# YOUR TASK
Where a picture appears, omit it; repeat everything else in the records exactly.

**** PROVIDED DATA ****

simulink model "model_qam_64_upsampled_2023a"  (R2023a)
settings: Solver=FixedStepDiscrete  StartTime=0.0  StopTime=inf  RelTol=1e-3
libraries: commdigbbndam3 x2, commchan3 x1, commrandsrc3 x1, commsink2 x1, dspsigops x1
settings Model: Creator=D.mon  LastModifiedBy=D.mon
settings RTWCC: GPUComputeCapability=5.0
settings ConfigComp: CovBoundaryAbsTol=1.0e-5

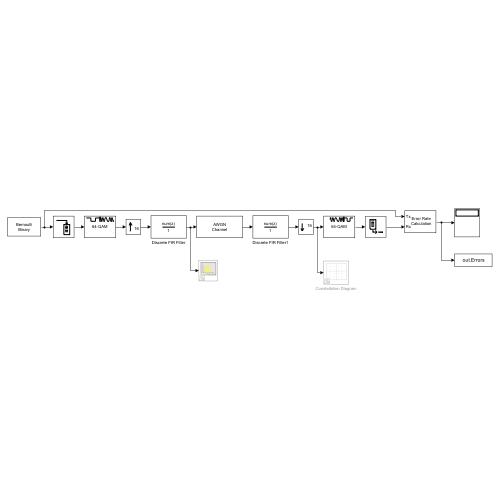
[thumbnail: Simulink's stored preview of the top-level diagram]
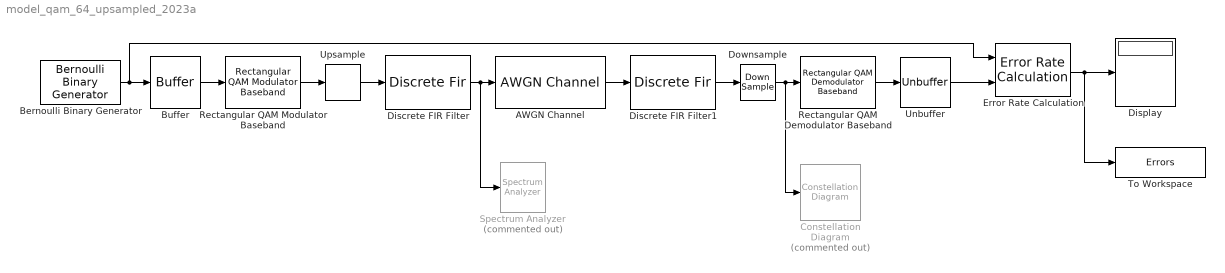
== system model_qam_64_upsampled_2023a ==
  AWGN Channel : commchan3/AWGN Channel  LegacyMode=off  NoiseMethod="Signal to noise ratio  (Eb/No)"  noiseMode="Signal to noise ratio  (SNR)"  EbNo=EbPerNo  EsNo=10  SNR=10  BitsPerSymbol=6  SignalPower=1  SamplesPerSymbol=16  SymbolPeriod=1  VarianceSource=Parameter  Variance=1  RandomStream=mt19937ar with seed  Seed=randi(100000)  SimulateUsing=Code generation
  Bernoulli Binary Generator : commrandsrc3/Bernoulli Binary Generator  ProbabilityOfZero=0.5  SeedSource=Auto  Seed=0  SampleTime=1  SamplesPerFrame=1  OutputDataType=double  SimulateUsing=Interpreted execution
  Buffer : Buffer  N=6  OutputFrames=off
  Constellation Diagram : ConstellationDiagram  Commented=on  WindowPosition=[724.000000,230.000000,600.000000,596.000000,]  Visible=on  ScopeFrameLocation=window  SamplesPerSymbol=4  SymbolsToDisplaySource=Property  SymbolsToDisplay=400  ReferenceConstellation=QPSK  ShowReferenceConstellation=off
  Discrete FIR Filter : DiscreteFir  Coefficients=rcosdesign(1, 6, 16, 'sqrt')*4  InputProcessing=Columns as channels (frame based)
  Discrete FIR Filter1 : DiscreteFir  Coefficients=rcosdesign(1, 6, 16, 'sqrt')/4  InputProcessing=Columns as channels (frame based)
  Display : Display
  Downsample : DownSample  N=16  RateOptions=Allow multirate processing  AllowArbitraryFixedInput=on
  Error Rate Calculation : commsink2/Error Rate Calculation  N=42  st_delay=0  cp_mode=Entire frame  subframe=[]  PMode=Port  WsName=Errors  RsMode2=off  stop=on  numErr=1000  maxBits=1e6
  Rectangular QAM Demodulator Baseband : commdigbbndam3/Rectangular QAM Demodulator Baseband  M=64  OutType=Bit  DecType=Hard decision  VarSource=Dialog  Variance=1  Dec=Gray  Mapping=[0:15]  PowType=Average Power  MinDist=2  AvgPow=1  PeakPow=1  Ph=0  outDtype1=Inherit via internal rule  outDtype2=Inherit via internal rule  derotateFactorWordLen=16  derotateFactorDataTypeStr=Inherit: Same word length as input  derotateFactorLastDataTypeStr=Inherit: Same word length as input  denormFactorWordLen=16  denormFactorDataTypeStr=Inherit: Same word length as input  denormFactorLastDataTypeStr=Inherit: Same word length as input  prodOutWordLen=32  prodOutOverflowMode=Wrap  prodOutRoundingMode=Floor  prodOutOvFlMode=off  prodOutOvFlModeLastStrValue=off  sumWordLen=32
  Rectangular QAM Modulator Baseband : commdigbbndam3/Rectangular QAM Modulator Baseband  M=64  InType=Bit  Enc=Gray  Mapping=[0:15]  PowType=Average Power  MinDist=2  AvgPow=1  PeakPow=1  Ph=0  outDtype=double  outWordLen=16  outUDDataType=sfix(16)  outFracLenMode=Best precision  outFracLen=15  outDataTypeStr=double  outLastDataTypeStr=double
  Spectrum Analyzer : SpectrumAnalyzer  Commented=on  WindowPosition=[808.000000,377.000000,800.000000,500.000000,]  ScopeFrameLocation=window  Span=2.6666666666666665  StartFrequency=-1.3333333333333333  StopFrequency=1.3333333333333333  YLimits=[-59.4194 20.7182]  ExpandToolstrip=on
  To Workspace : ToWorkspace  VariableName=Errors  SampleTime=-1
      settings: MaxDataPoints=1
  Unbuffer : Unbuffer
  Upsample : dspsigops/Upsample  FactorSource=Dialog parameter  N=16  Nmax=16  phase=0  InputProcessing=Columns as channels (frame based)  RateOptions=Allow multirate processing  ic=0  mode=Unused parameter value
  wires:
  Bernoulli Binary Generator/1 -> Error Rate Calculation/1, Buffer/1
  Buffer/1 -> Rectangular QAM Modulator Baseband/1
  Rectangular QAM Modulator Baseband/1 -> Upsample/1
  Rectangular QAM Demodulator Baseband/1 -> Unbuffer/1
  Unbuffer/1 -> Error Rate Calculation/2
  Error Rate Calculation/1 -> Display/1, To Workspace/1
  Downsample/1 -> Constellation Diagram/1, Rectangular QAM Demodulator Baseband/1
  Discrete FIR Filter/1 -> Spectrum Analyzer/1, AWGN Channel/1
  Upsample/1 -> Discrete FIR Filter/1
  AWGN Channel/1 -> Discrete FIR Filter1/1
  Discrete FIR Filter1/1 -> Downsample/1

****

# EXERCISE ANSWER
simulink model "model_qam_64_upsampled_2023a"  (R2023a)
settings: Solver=FixedStepDiscrete  StartTime=0.0  StopTime=inf  RelTol=1e-3
libraries: commdigbbndam3 x2, commchan3 x1, commrandsrc3 x1, commsink2 x1, dspsigops x1
settings Model: Creator=D.mon  LastModifiedBy=D.mon
settings RTWCC: GPUComputeCapability=5.0
settings ConfigComp: CovBoundaryAbsTol=1.0e-5

[thumbnail: Simulink's stored preview of the top-level diagram]
== system model_qam_64_upsampled_2023a ==
  AWGN Channel : commchan3/AWGN Channel  LegacyMode=off  NoiseMethod="Signal to noise ratio  (Eb/No)"  noiseMode="Signal to noise ratio  (SNR)"  EbNo=EbPerNo  EsNo=10  SNR=10  BitsPerSymbol=6  SignalPower=1  SamplesPerSymbol=16  SymbolPeriod=1  VarianceSource=Parameter  Variance=1  RandomStream=mt19937ar with seed  Seed=randi(100000)  SimulateUsing=Code generation
  Bernoulli Binary Generator : commrandsrc3/Bernoulli Binary Generator  ProbabilityOfZero=0.5  SeedSource=Auto  Seed=0  SampleTime=1  SamplesPerFrame=1  OutputDataType=double  SimulateUsing=Interpreted execution
  Buffer : Buffer  N=6  OutputFrames=off
  Constellation Diagram : ConstellationDiagram  Commented=on  WindowPosition=[724.000000,230.000000,600.000000,596.000000,]  Visible=on  ScopeFrameLocation=window  SamplesPerSymbol=4  SymbolsToDisplaySource=Property  SymbolsToDisplay=400  ReferenceConstellation=QPSK  ShowReferenceConstellation=off
  Discrete FIR Filter : DiscreteFir  Coefficients=rcosdesign(1, 6, 16, 'sqrt')*4  InputProcessing=Columns as channels (frame based)
  Discrete FIR Filter1 : DiscreteFir  Coefficients=rcosdesign(1, 6, 16, 'sqrt')/4  InputProcessing=Columns as channels (frame based)
  Display : Display
  Downsample : DownSample  N=16  RateOptions=Allow multirate processing  AllowArbitraryFixedInput=on
  Error Rate Calculation : commsink2/Error Rate Calculation  N=42  st_delay=0  cp_mode=Entire frame  subframe=[]  PMode=Port  WsName=Errors  RsMode2=off  stop=on  numErr=1000  maxBits=1e6
  Rectangular QAM Demodulator Baseband : commdigbbndam3/Rectangular QAM Demodulator Baseband  M=64  OutType=Bit  DecType=Hard decision  VarSource=Dialog  Variance=1  Dec=Gray  Mapping=[0:15]  PowType=Average Power  MinDist=2  AvgPow=1  PeakPow=1  Ph=0  outDtype1=Inherit via internal rule  outDtype2=Inherit via internal rule  derotateFactorWordLen=16  derotateFactorDataTypeStr=Inherit: Same word length as input  derotateFactorLastDataTypeStr=Inherit: Same word length as input  denormFactorWordLen=16  denormFactorDataTypeStr=Inherit: Same word length as input  denormFactorLastDataTypeStr=Inherit: Same word length as input  prodOutWordLen=32  prodOutOverflowMode=Wrap  prodOutRoundingMode=Floor  prodOutOvFlMode=off  prodOutOvFlModeLastStrValue=off  sumWordLen=32
  Rectangular QAM Modulator Baseband : commdigbbndam3/Rectangular QAM Modulator Baseband  M=64  InType=Bit  Enc=Gray  Mapping=[0:15]  PowType=Average Power  MinDist=2  AvgPow=1  PeakPow=1  Ph=0  outDtype=double  outWordLen=16  outUDDataType=sfix(16)  outFracLenMode=Best precision  outFracLen=15  outDataTypeStr=double  outLastDataTypeStr=double
  Spectrum Analyzer : SpectrumAnalyzer  Commented=on  WindowPosition=[808.000000,377.000000,800.000000,500.000000,]  ScopeFrameLocation=window  Span=2.6666666666666665  StartFrequency=-1.3333333333333333  StopFrequency=1.3333333333333333  YLimits=[-59.4194 20.7182]  ExpandToolstrip=on
  To Workspace : ToWorkspace  VariableName=Errors  SampleTime=-1
      settings: MaxDataPoints=1
  Unbuffer : Unbuffer
  Upsample : dspsigops/Upsample  FactorSource=Dialog parameter  N=16  Nmax=16  phase=0  InputProcessing=Columns as channels (frame based)  RateOptions=Allow multirate processing  ic=0  mode=Unused parameter value
  wires:
  Bernoulli Binary Generator/1 -> Error Rate Calculation/1, Buffer/1
  Buffer/1 -> Rectangular QAM Modulator Baseband/1
  Rectangular QAM Modulator Baseband/1 -> Upsample/1
  Rectangular QAM Demodulator Baseband/1 -> Unbuffer/1
  Unbuffer/1 -> Error Rate Calculation/2
  Error Rate Calculation/1 -> Display/1, To Workspace/1
  Downsample/1 -> Constellation Diagram/1, Rectangular QAM Demodulator Baseband/1
  Discrete FIR Filter/1 -> Spectrum Analyzer/1, AWGN Channel/1
  Upsample/1 -> Discrete FIR Filter/1
  AWGN Channel/1 -> Discrete FIR Filter1/1
  Discrete FIR Filter1/1 -> Downsample/1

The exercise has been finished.